- TASK PROMPT
Wherever a line in the data below holds "name", copy that line.

• • •

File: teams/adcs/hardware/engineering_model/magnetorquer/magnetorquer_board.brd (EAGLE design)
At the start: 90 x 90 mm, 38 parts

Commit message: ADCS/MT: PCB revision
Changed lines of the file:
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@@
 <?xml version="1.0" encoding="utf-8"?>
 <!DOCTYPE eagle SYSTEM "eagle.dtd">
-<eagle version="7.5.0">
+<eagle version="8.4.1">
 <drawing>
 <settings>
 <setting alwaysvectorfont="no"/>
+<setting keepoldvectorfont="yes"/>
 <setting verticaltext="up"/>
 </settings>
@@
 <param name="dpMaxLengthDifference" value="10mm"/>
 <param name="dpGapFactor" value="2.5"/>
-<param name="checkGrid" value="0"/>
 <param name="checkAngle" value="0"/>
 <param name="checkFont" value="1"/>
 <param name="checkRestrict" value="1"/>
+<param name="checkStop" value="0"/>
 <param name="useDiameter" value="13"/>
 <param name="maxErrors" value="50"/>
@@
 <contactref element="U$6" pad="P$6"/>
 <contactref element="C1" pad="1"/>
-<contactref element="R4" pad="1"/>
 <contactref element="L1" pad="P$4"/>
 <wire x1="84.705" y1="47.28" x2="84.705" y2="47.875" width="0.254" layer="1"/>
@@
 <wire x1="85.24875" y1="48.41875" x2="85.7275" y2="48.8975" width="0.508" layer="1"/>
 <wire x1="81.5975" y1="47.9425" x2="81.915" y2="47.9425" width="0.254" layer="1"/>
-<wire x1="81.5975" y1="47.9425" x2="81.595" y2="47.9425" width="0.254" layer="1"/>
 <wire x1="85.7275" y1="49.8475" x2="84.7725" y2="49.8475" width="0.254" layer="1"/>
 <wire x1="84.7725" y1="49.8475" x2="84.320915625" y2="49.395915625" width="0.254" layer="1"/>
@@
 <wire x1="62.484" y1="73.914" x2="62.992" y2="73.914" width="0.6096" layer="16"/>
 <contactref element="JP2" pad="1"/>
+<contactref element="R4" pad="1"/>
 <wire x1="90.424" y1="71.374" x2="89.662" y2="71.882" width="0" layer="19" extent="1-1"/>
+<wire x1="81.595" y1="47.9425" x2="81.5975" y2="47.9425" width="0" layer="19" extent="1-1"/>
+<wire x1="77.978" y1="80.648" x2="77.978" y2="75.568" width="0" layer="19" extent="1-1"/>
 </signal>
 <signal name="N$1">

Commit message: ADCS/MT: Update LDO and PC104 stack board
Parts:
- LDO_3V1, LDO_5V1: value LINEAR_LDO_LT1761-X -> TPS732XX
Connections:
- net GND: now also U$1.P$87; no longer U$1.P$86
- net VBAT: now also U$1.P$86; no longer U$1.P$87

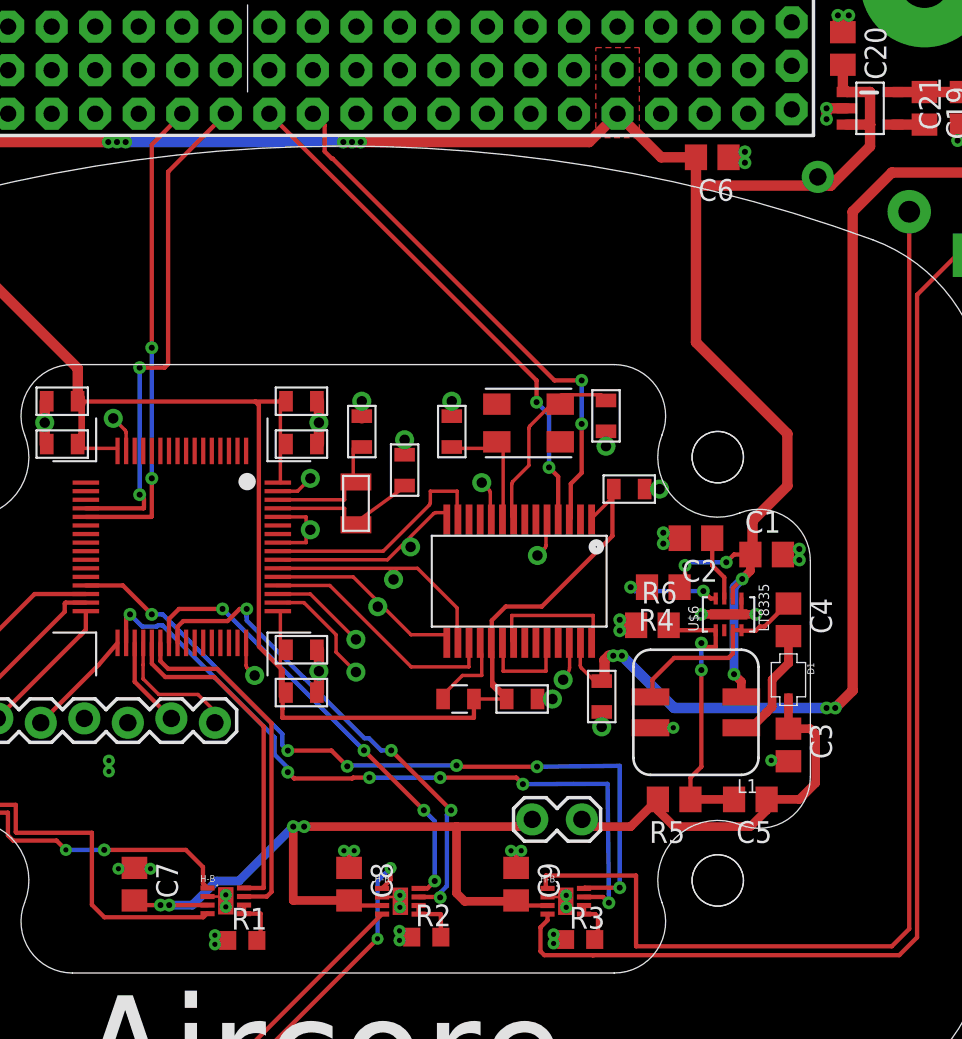
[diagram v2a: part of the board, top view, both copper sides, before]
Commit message: ADCS/MT: Reconnect to stack and use new SEPIC layout
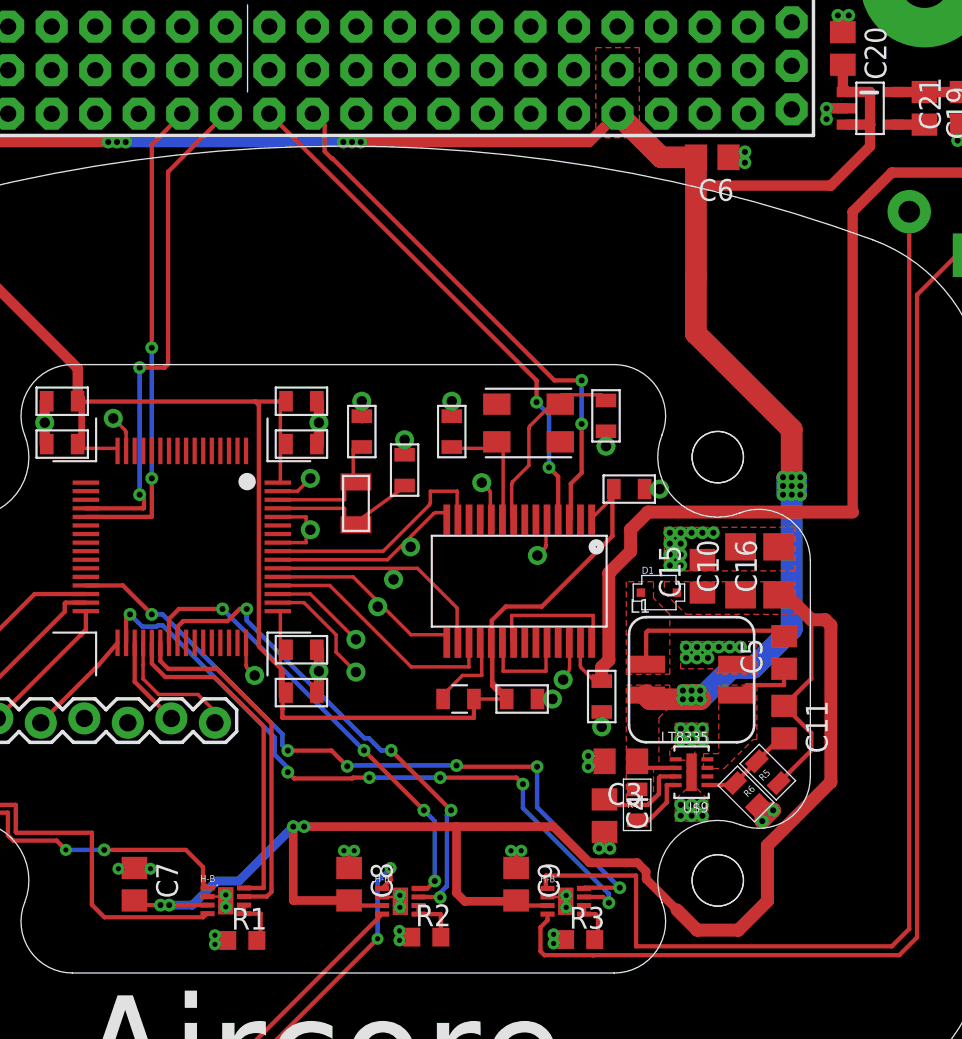
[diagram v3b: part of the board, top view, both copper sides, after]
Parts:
- removed C1, C2: (no value), rcl:C0805
- removed JP1: M02LOCK, SparkFun-Connectors:1X02_LOCK
- removed JP2: M01NOSILK-KIT, SparkFun-Connectors:1X01NS-KIT
- removed U$6: LT8335, DubSat1 Components:DDB
- added C10: 22 uF, rcl:C1206
- added C11: 5.6 pF, rcl:C0805
- added C15: 10 uF, rcl:C0805
- added C16: 47 uF, rcl:C1206
- added U$9: LT8335, DubSat1 Components:DDB
- C12, C19: value 0.01 μF -> 0.01 uF
- C13, C20: value 1 μF -> 1 uF
- C14, C21: value 4.7 μF -> 4.7 uF
- C3: value (none) -> 2.2 μF
- C4: value (none) -> 2.2 uF
- C5: value (none) -> 1 uF
- C6: value (none) -> 10 uF
- R4: value (none) -> 1 kΩ; device rcl:R0805 -> DubSat1 Components:0805
- R5: value (none) -> 330 kΩ; device rcl:R0805 -> DubSat1 Components:0805
- R6: value (none) -> 120 kΩ; device rcl:R0805 -> DubSat1 Components:0805
- moved C4 15.7 mm to (77.2, 34.6)
- moved R4 12.8 mm to (79.1, 35.2), turned to 270 degrees
- moved R6 11.3 mm to (85.5, 35.9), turned to 135 degrees
- moved C3 9.83 mm to (78.2, 37.8), turned to 180 degrees
- moved D1 9.11 mm to (80.4, 47.6), turned to 0 degrees
- moved C5 8.80 mm to (87.7, 44.1), turned to 90 degrees
- moved R5 5.69 mm to (86.7, 37.1), turned to 315 degrees
- moved L1 1.92 mm to (82.3, 42.5), turned to 270 degrees
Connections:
- removed net EN_UVLO: R4.2, U$6.P$8
- removed net N$6: C4.2, D1.P$1, L1.P$1
- new net EN_UVLO1: R4.2, U$9.P$8
- new net VD: C5.2, D1.P$1, L1.P$1
- net 6V: now also C10.1, C11.1, C15.1, C16.1; no longer C3.1, C5.1, JP1.1, JP1.2
- net FBX: now also C11.2, U$9.P$1; no longer C5.2, U$6.P$1
- net GND: now also C10.2, C15.2, C16.2, C4.2, U$9.GND, U$9.P$5; no longer C1.2, C2.2, U$6.GND, U$6.P$5
- net INT_VCC: now also C4.1, U$9.P$7; no longer C2.1, U$6.P$7
- net SW: now also C5.1, U$9.P$3, U$9.P$4; no longer C4.1, U$6.P$3, U$6.P$4
- net VBAT: now also C3.1, U$9.P$6; no longer C1.1, JP2.1, U$6.P$6
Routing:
- net 6V: track 71.3 -> 100.0 mm
- net FBX: track 16.7 -> 5.26 mm, vias 2 -> 0
- net VD: track 0.00 -> 10.1 mm
- net VBAT: track 128.5 -> 137.3 mm, vias 10 -> 21
- net SW: track 11.7 -> 3.94 mm
- net N$6: track 6.82 -> 0.00 mm
- net EN_UVLO: track 6.19 -> 0.00 mm, vias 2 -> 0
- net GND: track 44.3 -> 38.3 mm, vias 44 -> 70
- net +5V: track 65.4 -> 59.4 mm, vias 4 -> 0
- net EN_UVLO1: track 0.00 -> 3.70 mm
- net PWM_Z_1: track 43.1 -> 40.2 mm
- net PWM_Z_2: track 45.2 -> 42.4 mm
- net INT_VCC: track 3.81 -> 5.53 mm
- added copper zone on layer 1, net 6V
- added copper zone on layer 1, net GND
- added copper zone on layer 1, net SW
- added copper zone on layer 1, net VD

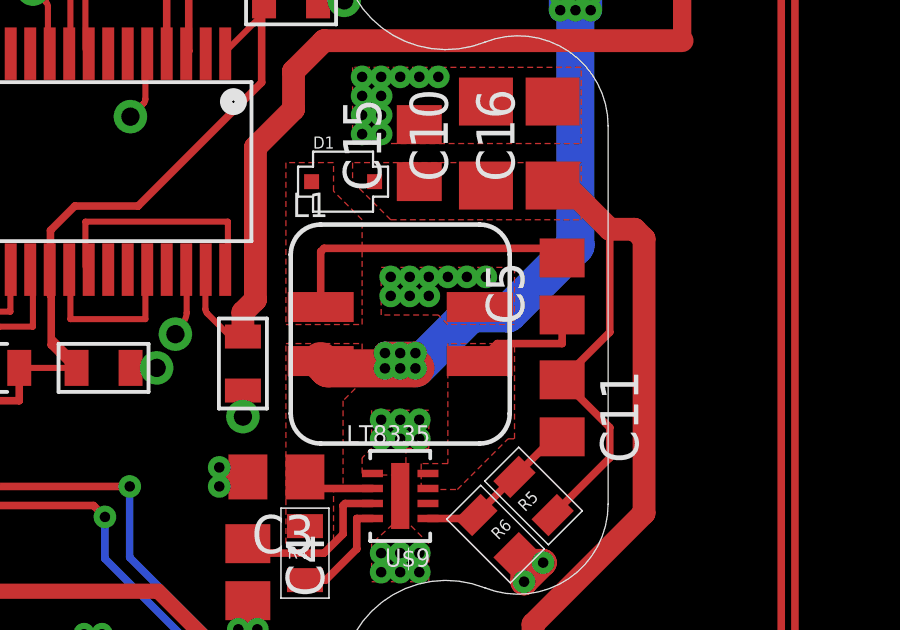
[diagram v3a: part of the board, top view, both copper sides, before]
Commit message: ADCS: Switch to new SEPIC layout
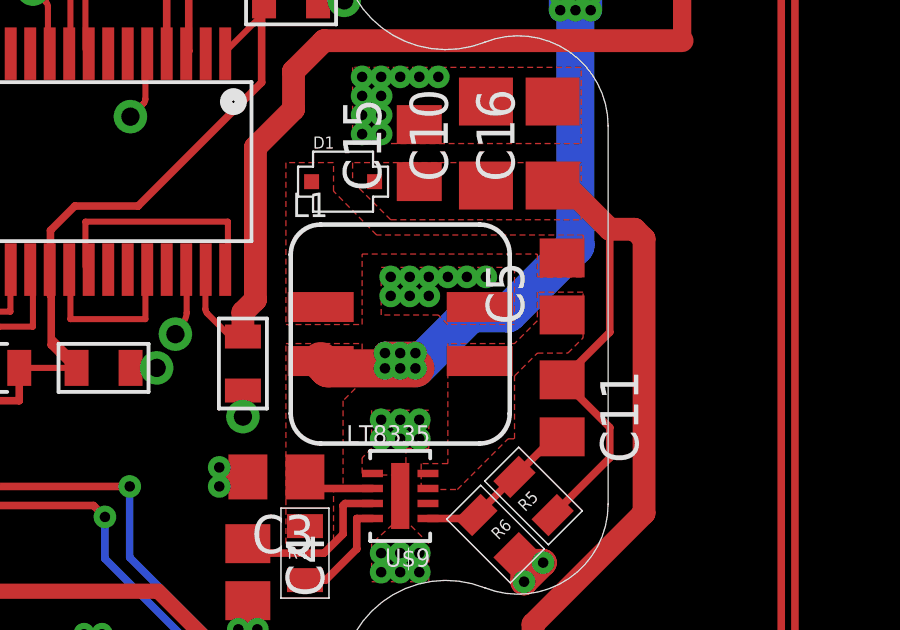
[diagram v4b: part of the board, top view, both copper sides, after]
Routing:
- net VD: track 10.1 -> 0.00 mm
- net SW: track 3.94 -> 0.00 mm
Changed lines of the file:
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@@
 <vertex x="85.8901" y="39.0525"/>
 <vertex x="86.106" y="39.0525"/>
+<vertex x="86.106" y="41.148"/>
+<vertex x="86.868" y="41.91"/>
+<vertex x="87.884" y="41.91"/>
+<vertex x="88.392" y="42.418"/>
+<vertex x="88.392" y="43.942"/>
+<vertex x="86.868" y="43.942"/>
+<vertex x="86.868" y="42.9895"/>
 <vertex x="86.106" y="42.2275"/>
 <vertex x="83.8835" y="42.2275"/>
@@
 <vertex x="82.9945" y="38.227"/>
 </polygon>
-<wire x1="87.6935" y1="43.1825" x2="87.6935" y2="42.2275" width="0.254" layer="1"/>
-<wire x1="87.6935" y1="42.2275" x2="85.5285" y2="42.2275" width="0.254" layer="1"/>
-<wire x1="85.5285" y1="42.2275" x2="84.946" y2="41.645" width="0.254" layer="1"/>
 </signal>
 <signal name="VD">
@@
 <vertex x="78.486" y="42.8625"/>
 <vertex x="81.026" y="42.8625"/>
-<vertex x="81.026" y="46.355"/>
+<vertex x="81.026" y="45.212"/>
+<vertex x="86.868" y="45.212"/>
+<vertex x="86.868" y="44.45"/>
+<vertex x="88.392" y="44.45"/>
+<vertex x="88.392" y="45.847"/>
+<vertex x="81.5086" y="45.847"/>
 <vertex x="80.0735" y="47.3075"/>
 <vertex x="80.0735" y="48.26"/>
 <vertex x="78.486" y="48.26"/>
 </polygon>
-<wire x1="87.6935" y1="45.0825" x2="87.3735" y2="45.4025" width="0.254" layer="1"/>
-<wire x1="87.3735" y1="45.4025" x2="79.756" y2="45.4025" width="0.254" layer="1"/>
-<wire x1="79.756" y1="45.4025" x2="79.646" y2="45.2925" width="0.254" layer="1"/>
-<wire x1="79.646" y1="45.2925" x2="79.646" y2="43.445" width="0.254" layer="1"/>
 </signal>
 <signal name="FBX">

• • •

- THE ANSWER
 <param name="dpMaxLengthDifference" value="10mm"/>
 <param name="dpGapFactor" value="2.5"/>
-<param name="checkGrid" value="0"/>
 <param name="checkAngle" value="0"/>
 <param name="checkFont" value="1"/>
 <param name="checkRestrict" value="1"/>
+<param name="checkStop" value="0"/>
 <param name="useDiameter" value="13"/>
 <param name="maxErrors" value="50"/>
 <signal name="N$1">
 <signal name="VD">
 <signal name="FBX">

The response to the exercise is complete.